(The input begins)

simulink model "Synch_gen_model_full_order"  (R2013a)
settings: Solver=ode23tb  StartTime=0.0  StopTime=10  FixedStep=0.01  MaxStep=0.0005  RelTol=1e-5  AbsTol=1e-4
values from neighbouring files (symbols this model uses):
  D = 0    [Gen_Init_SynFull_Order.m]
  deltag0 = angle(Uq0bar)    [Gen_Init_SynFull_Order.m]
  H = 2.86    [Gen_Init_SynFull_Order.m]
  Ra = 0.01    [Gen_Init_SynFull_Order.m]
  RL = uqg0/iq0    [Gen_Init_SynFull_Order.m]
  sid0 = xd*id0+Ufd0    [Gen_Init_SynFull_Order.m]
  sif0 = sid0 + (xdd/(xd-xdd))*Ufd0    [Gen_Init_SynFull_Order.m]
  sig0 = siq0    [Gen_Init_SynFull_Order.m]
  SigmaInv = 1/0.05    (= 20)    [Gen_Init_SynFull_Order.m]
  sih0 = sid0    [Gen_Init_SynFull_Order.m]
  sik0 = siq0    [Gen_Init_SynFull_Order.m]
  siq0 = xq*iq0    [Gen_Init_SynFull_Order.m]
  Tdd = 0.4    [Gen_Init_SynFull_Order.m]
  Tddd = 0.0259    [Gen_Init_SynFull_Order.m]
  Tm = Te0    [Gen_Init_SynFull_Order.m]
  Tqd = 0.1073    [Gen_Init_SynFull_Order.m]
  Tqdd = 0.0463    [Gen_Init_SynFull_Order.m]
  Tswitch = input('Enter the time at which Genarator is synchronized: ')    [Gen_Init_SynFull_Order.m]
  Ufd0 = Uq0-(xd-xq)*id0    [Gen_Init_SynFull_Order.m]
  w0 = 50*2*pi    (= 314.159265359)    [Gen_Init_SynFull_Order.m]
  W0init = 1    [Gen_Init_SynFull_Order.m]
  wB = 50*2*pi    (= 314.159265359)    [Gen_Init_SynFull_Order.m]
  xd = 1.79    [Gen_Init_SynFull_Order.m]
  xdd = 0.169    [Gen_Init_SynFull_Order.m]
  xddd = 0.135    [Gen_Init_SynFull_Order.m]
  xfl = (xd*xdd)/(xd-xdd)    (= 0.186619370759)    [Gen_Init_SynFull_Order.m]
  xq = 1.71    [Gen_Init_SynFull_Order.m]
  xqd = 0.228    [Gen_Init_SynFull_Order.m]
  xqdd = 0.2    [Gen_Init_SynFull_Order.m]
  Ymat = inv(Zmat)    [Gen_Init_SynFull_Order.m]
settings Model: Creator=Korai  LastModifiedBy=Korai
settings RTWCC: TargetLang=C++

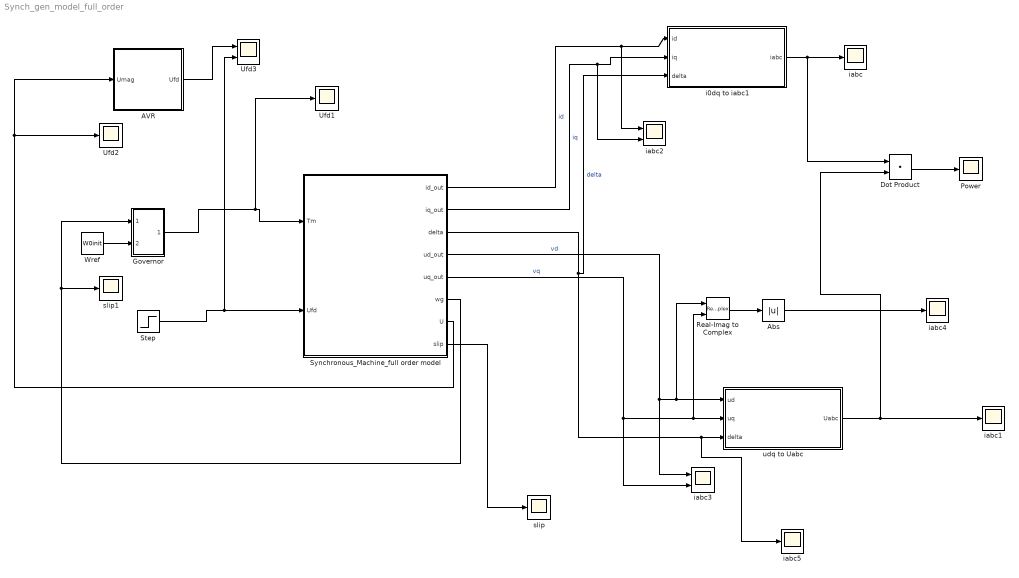
== system Synch_gen_model_full_order ==
  AVR : Subsystem
  Abs : Abs
  Dot Product : DotProduct  InputSameDT=on  OutDataTypeStr=Inherit: Inherit via internal rule
  Governor : Subsystem
  Power : Scope
      settings: YMin=0.0095  YMax=0.0105  SaveName=ScopeData5
  Real-Imag to Complex : RealImagToComplex
  Step : Step  Time=0  After=Ufd0  SampleTime=0
  Synchronous_Machine_full order model : Subsystem
  Ufd1 : Scope
      settings: YMin=-0.55  YMax=0.55  SaveName=ScopeData11
  Ufd2 : Scope
      settings: SaveName=ScopeData13
  Ufd3 : Scope  NumInputPorts=2
      settings: YMin=-3e-05~1.03987  YMax=2.25e-05~1.14933  SaveName=ScopeData16
  Wref : Constant  Value=W0init
  i0dq to iabc1 : Subsystem
  iabc{,1,4..5} (4 alike) : Scope
      iabc settings: YMin=-7  YMax=7
      iabc1 settings: YMin=-0.9  YMax=0.9  SaveName=ScopeData2
      iabc4 settings: YMin=0.95  YMax=1.05  SaveName=ScopeData23
      iabc5 settings: YMin=-0.9  YMax=0.9  SaveName=ScopeData25
  iabc2 : Scope  NumInputPorts=2
      settings: ShowLegends=on  YMin=-0.0004865~0.02665  YMax=-0.000475~0.0272  SaveName=ScopeData9
  iabc3 : Scope  NumInputPorts=2
      settings: ShowLegends=on  YMin=-0.0184~0.99983  YMax=-0.0166~0.999862  SaveName=ScopeData10
  slip : Scope
      settings: SaveName=ScopeData12
  slip1 : Scope
      settings: SaveName=ScopeData24
  udq to Uabc : Subsystem
  wires:
  i0dq to iabc1/1(iabc) -> iabc/1, Dot Product/1
  udq to Uabc/1(Uabc) -> Dot Product/2, iabc1/1
  Dot Product/1 -> Power/1
  Synchronous_Machine_full order model/3(delta) -> i0dq to iabc1/3(delta), iabc5/1, udq to Uabc/3(delta)  "delta"
  Synchronous_Machine_full order model/1(id_out) -> i0dq to iabc1/1(id), iabc2/1  "id"
  Synchronous_Machine_full order model/2(iq_out) -> i0dq to iabc1/2(iq), iabc2/2  "iq"
  Synchronous_Machine_full order model/4("ud_out ") -> Real-Imag to Complex/1, udq to Uabc/1(ud), iabc3/1  "vd"
  Synchronous_Machine_full order model/5(uq_out) -> Real-Imag to Complex/2, udq to Uabc/2(uq), iabc3/2  "vq"
  Synchronous_Machine_full order model/6(wg) -> slip1/1, Governor/1(wpu)
  Wref/1 -> Governor/2(w_ref)
  Synchronous_Machine_full order model/7(U) -> AVR/1(Umag), Ufd2/1
  Synchronous_Machine_full order model/8(slip) -> slip/1
  Governor/1(Tm) -> Ufd1/1, Synchronous_Machine_full order model/1(Tm)
  Real-Imag to Complex/1 -> Abs/1
  Abs/1 -> iabc4/1
  AVR/1(Ufd) -> Ufd3/1
  Step/1 -> Ufd3/2, Synchronous_Machine_full order model/2(Ufd)

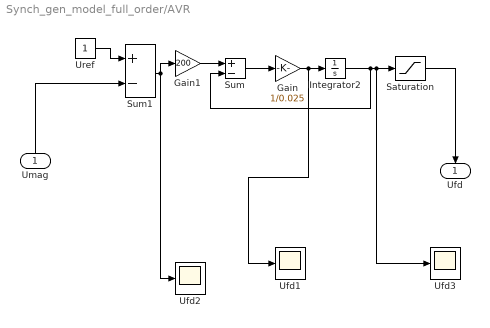
== system Synch_gen_model_full_order/AVR ==
  Umag : Inport
  Gain : Gain  Gain=1/0.025  SaturateOnIntegerOverflow=on  OutDataTypeStr=Inherit: Same as input  ParamDataTypeStr=Inherit: Same as input
  Gain1 : Gain  Gain=200  SaturateOnIntegerOverflow=on  OutDataTypeStr=Inherit: Same as input  ParamDataTypeStr=Inherit: Same as input
  Integrator2 : Integrator  InitialCondition=Ufd0
  Saturation : Saturate  UpperLimit=6  LowerLimit=-6
  Sum : Sum  Inputs=+-  SaturateOnIntegerOverflow=on  InputSameDT=on  OutDataTypeStr=Inherit: Same as first input
  Sum1 : Sum  Inputs=+-  SaturateOnIntegerOverflow=on  InputSameDT=on  OutDataTypeStr=Inherit: Same as first input
  Ufd1 : Scope
      settings: YMin=-550  YMax=550  SaveName=ScopeData19
  Ufd2 : Scope
      settings: YMin=-0.08  YMax=0.07  SaveName=ScopeData20
  Ufd3 : Scope
      settings: YMin=-2.75  YMax=1  SaveName=ScopeData18
  Uref : Constant
  Ufd : Outport
  wires:
  Gain/1 -> Ufd1/1, Integrator2/1
  Saturation/1 -> Ufd/1
  Sum/1 -> Gain/1
  Uref/1 -> Sum1/1
  Gain1/1 -> Sum/1
  Integrator2/1 -> Sum/2, Ufd3/1, Saturation/1
  Sum1/1 -> Gain1/1, Ufd2/1
  Umag/1 -> Sum1/2

== system Synch_gen_model_full_order/Governor ==
  wpu : Inport
  w_ref : Inport  Port=2
  Gain : Gain  Gain=1/0.01  SaturateOnIntegerOverflow=on  OutDataTypeStr=Inherit: Same as input  ParamDataTypeStr=Inherit: Same as input
  Gain15 : Gain  Gain=SigmaInv  SaturateOnIntegerOverflow=on  OutDataTypeStr=Inherit: Same as input  ParamDataTypeStr=Inherit: Same as input
  Integrator : Integrator  InitialCondition=Tm
  Sum : Sum  Inputs=+-  SaturateOnIntegerOverflow=on  InputSameDT=on  OutDataTypeStr=Inherit: Same as first input
  Sum1 : Sum  SaturateOnIntegerOverflow=on  InputSameDT=on  OutDataTypeStr=Inherit: Same as first input
  Sum8 : Sum  Inputs=+-  SaturateOnIntegerOverflow=on  InputSameDT=on  OutDataTypeStr=Inherit: Same as first input
  Tm0 : Constant  Value=Tm
  Tm : Outport
  wires:
  w_ref/1 -> Sum8/1
  Sum8/1 -> Gain15/1
  wpu/1 -> Sum8/2
  Sum/1 -> Gain/1
  Gain/1 -> Integrator/1
  Integrator/1 -> Sum/2, Tm/1
  Gain15/1 -> Sum1/2
  Sum1/1 -> Sum/1
  Tm0/1 -> Sum1/1

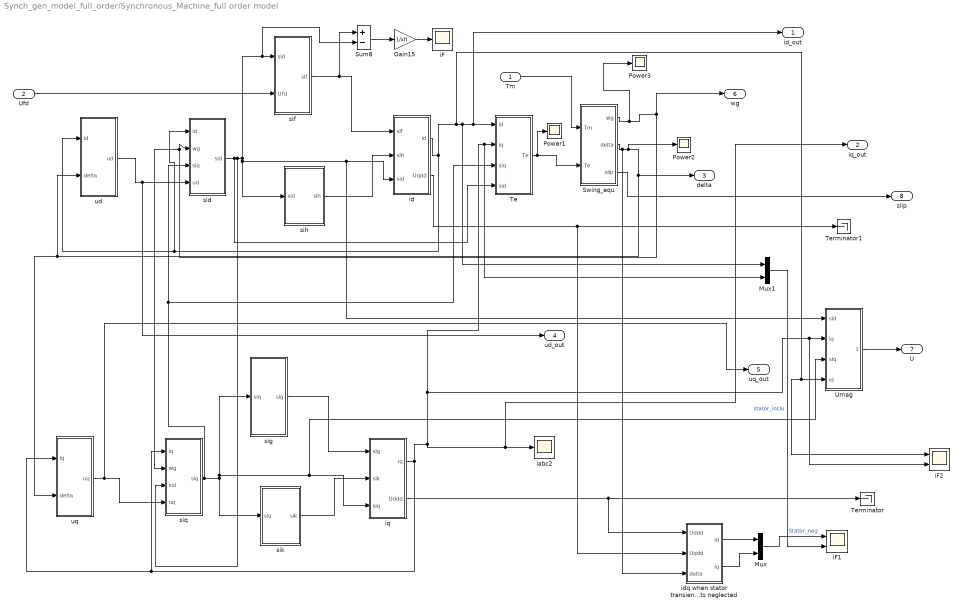
== system Synch_gen_model_full_order/Synchronous_Machine_full order model ==
  Tm : Inport
  Ufd : Inport  Port=2
  Gain15 : Gain  Gain=1/xfl  SaturateOnIntegerOverflow=on  OutDataTypeStr=Inherit: Same as input  ParamDataTypeStr=Inherit: Same as input
  Mux : Mux  Inputs=2
  Mux1 : Mux  Inputs=2
  Power1 : Scope
      settings: YMin=0.010195  YMax=0.01023  SaveName=ScopeData6
  Power2 : Scope
      settings: YMin=0.82  YMax=0.885  SaveName=ScopeData7
  Power3 : Scope
      settings: YMin=0.95  YMax=1.05  SaveName=ScopeData8
  Sum8 : Sum  Inputs=+-  SaturateOnIntegerOverflow=on  InputSameDT=on  OutDataTypeStr=Inherit: Same as first input
  "Swing_equ " : Subsystem
  Te : Subsystem
  Terminator : Terminator
  Terminator1 : Terminator
  Umag : Subsystem
  iF : Scope
      settings: SaveName=ScopeData4
  iF1 : Scope  NumInputPorts=2
      settings: ShowLegends=on  YMin=-17.5~-25  YMax=7.5~12.5  SaveName=ScopeData14
  iF2 : Scope  NumInputPorts=2
      settings: YMin=-0.191~0.190025  YMax=-0.189~0.1905  SaveName=ScopeData15
  iabc2 : Scope
      settings: YMin=0.0054  YMax=0.00645  SaveName=ScopeData3
  id : Subsystem
  idq when stator transients neglected : Subsystem
  iq : Subsystem
  sid : Subsystem
  sif : Subsystem
  sig : Subsystem
  sih : Subsystem
  sik : Subsystem
  siq : Subsystem
  ud : Subsystem
  uq : Subsystem
  id_out : Outport
  iq_out : Outport  Port=2
  delta : Outport  Port=3
  "ud_out " : Outport  Port=4
  uq_out : Outport  Port=5
  wg : Outport  Port=6
  U : Outport  Port=7
  slip : Outport  Port=8
  wires:
  iq/2(Uddd) -> idq when stator transients neglected/1(Uddd), Terminator/1
  id/1(id) -> Umag/4(id), iF2/1, Mux1/1, id_out/1, Te/1(id), sid/1(id), ud/1(id)
  sif/1(sif) -> Sum8/1, id/1(sif)
  sih/1(sih) -> id/2(sih)
  sid/1(sid) -> Te/4(sid), siq/3(sid), Sum8/2, sif/1(sid), sih/1(sid), Umag/1(sid), id/3(sid)
  iq/1(iq) -> uq/1(iq), siq/1(iq), Mux1/2, Te/2(iq), iF2/2, Umag/2(iq), iq_out/1, iabc2/1
  Gain15/1 -> iF/1
  Tm/1 -> "Swing_equ "/1(Tm)
  Sum8/1 -> Gain15/1
  id/2(Uqdd) -> Terminator1/1, idq when stator transients neglected/2(Uqdd)
  sik/1(sik) -> iq/2(sik)
  Te/1(Te) -> "Swing_equ "/2(Te), Power1/1
  "Swing_equ "/1(wg) -> Power3/1, siq/2(wg), sid/2(wg), wg/1
  "Swing_equ "/2(delta) -> idq when stator transients neglected/3(delta), Power2/1, delta/1, uq/2(delta), ud/2(delta)
  sig/1(sig) -> iq/1(sig)
  siq/1(siq) -> Te/3(siq), sid/3(siq), Umag/3(siq), iq/3(siq), sig/1(siq), sik/1(siq)
  Ufd/1 -> sif/2(Ufd)
  Umag/1(Umag) -> U/1
  "Swing_equ "/3(slip) -> slip/1
  ud/1(ud) -> "ud_out "/1, sid/4(ud)
  uq/1(uq) -> uq_out/1, siq/4(uq)
  idq when stator transients neglected/1(id) -> Mux/1
  idq when stator transients neglected/2(iq) -> Mux/2
  Mux/1 -> iF1/1  "Stator_neg"
  Mux1/1 -> iF1/2  "stator_inclu"

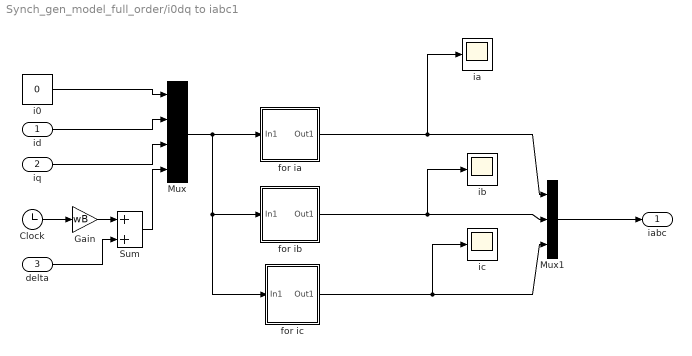
== system Synch_gen_model_full_order/i0dq to iabc1 ==
  id : Inport
  iq : Inport  Port=2
  delta : Inport  Port=3
  Clock : Clock
  Gain : Gain  Gain=wB  SaturateOnIntegerOverflow=on  OutDataTypeStr=Inherit: Same as input  ParamDataTypeStr=Inherit: Same as input
  Mux : Mux
  Mux1 : Mux  Inputs=3
  Sum : Sum  Inputs=|++  SaturateOnIntegerOverflow=on  InputSameDT=on  OutDataTypeStr=Inherit: Same as first input
  for ia : Subsystem
  for ib : Subsystem
  for ic : Subsystem
  i0 : Constant  Value=0
  ia : Scope
  ib : Scope
  ic : Scope
  iabc : Outport
  wires:
  i0/1 -> Mux/1
  Sum/1 -> Mux/4
  Clock/1 -> Gain/1
  Gain/1 -> Sum/1
  delta/1 -> Sum/2
  Mux/1 -> for ic/1(In1), for ib/1(In1), for ia/1(In1)
  Mux1/1 -> iabc/1
  iq/1 -> Mux/3
  id/1 -> Mux/2
  for ic/1(Out1) -> ic/1, Mux1/3
  for ib/1(Out1) -> ib/1, Mux1/2
  for ia/1(Out1) -> ia/1, Mux1/1

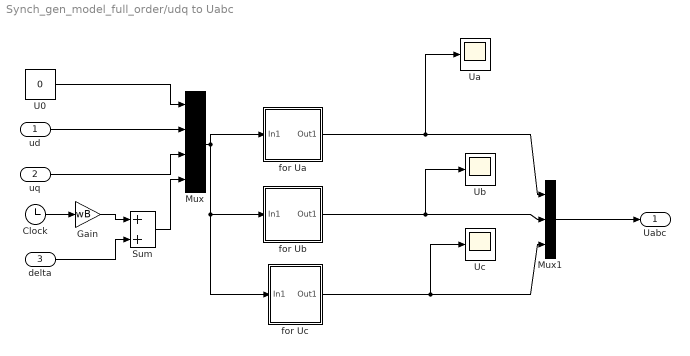
== system Synch_gen_model_full_order/udq to Uabc ==
  ud : Inport
  uq : Inport  Port=2
  delta : Inport  Port=3
  Clock : Clock
  Gain : Gain  Gain=wB  SaturateOnIntegerOverflow=on  OutDataTypeStr=Inherit: Same as input  ParamDataTypeStr=Inherit: Same as input
  Mux : Mux
  Mux1 : Mux  Inputs=3
  Sum : Sum  Inputs=|++  SaturateOnIntegerOverflow=on  InputSameDT=on  OutDataTypeStr=Inherit: Same as first input
  U0 : Constant  Value=0
  Ua : Scope
  Ub : Scope
  Uc : Scope
  for Ua : Subsystem
  for Ub : Subsystem
  for Uc : Subsystem
  Uabc : Outport
  wires:
  for Ua/1(Out1) -> Mux1/1, Ua/1
  for Ub/1(Out1) -> Mux1/2, Ub/1
  for Uc/1(Out1) -> Mux1/3, Uc/1
  U0/1 -> Mux/1
  ud/1 -> Mux/2
  uq/1 -> Mux/3
  Mux1/1 -> Uabc/1
  delta/1 -> Sum/2
  Clock/1 -> Gain/1
  Gain/1 -> Sum/1
  Sum/1 -> Mux/4
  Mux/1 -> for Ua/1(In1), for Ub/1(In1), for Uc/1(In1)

(The input ends)

» **About this exercise**
Here the job is to copy the stretch of records from the line containing "Mux1/1 -> iF1/2" through the line containing "for ia : Subsystem", word for word. Leave every picture out.

» **Written response**
  Mux1/1 -> iF1/2  "stator_inclu"

== system Synch_gen_model_full_order/i0dq to iabc1 ==
  id : Inport
  iq : Inport  Port=2
  delta : Inport  Port=3
  Clock : Clock
  Gain : Gain  Gain=wB  SaturateOnIntegerOverflow=on  OutDataTypeStr=Inherit: Same as input  ParamDataTypeStr=Inherit: Same as input
  Mux : Mux
  Mux1 : Mux  Inputs=3
  Sum : Sum  Inputs=|++  SaturateOnIntegerOverflow=on  InputSameDT=on  OutDataTypeStr=Inherit: Same as first input
  for ia : Subsystem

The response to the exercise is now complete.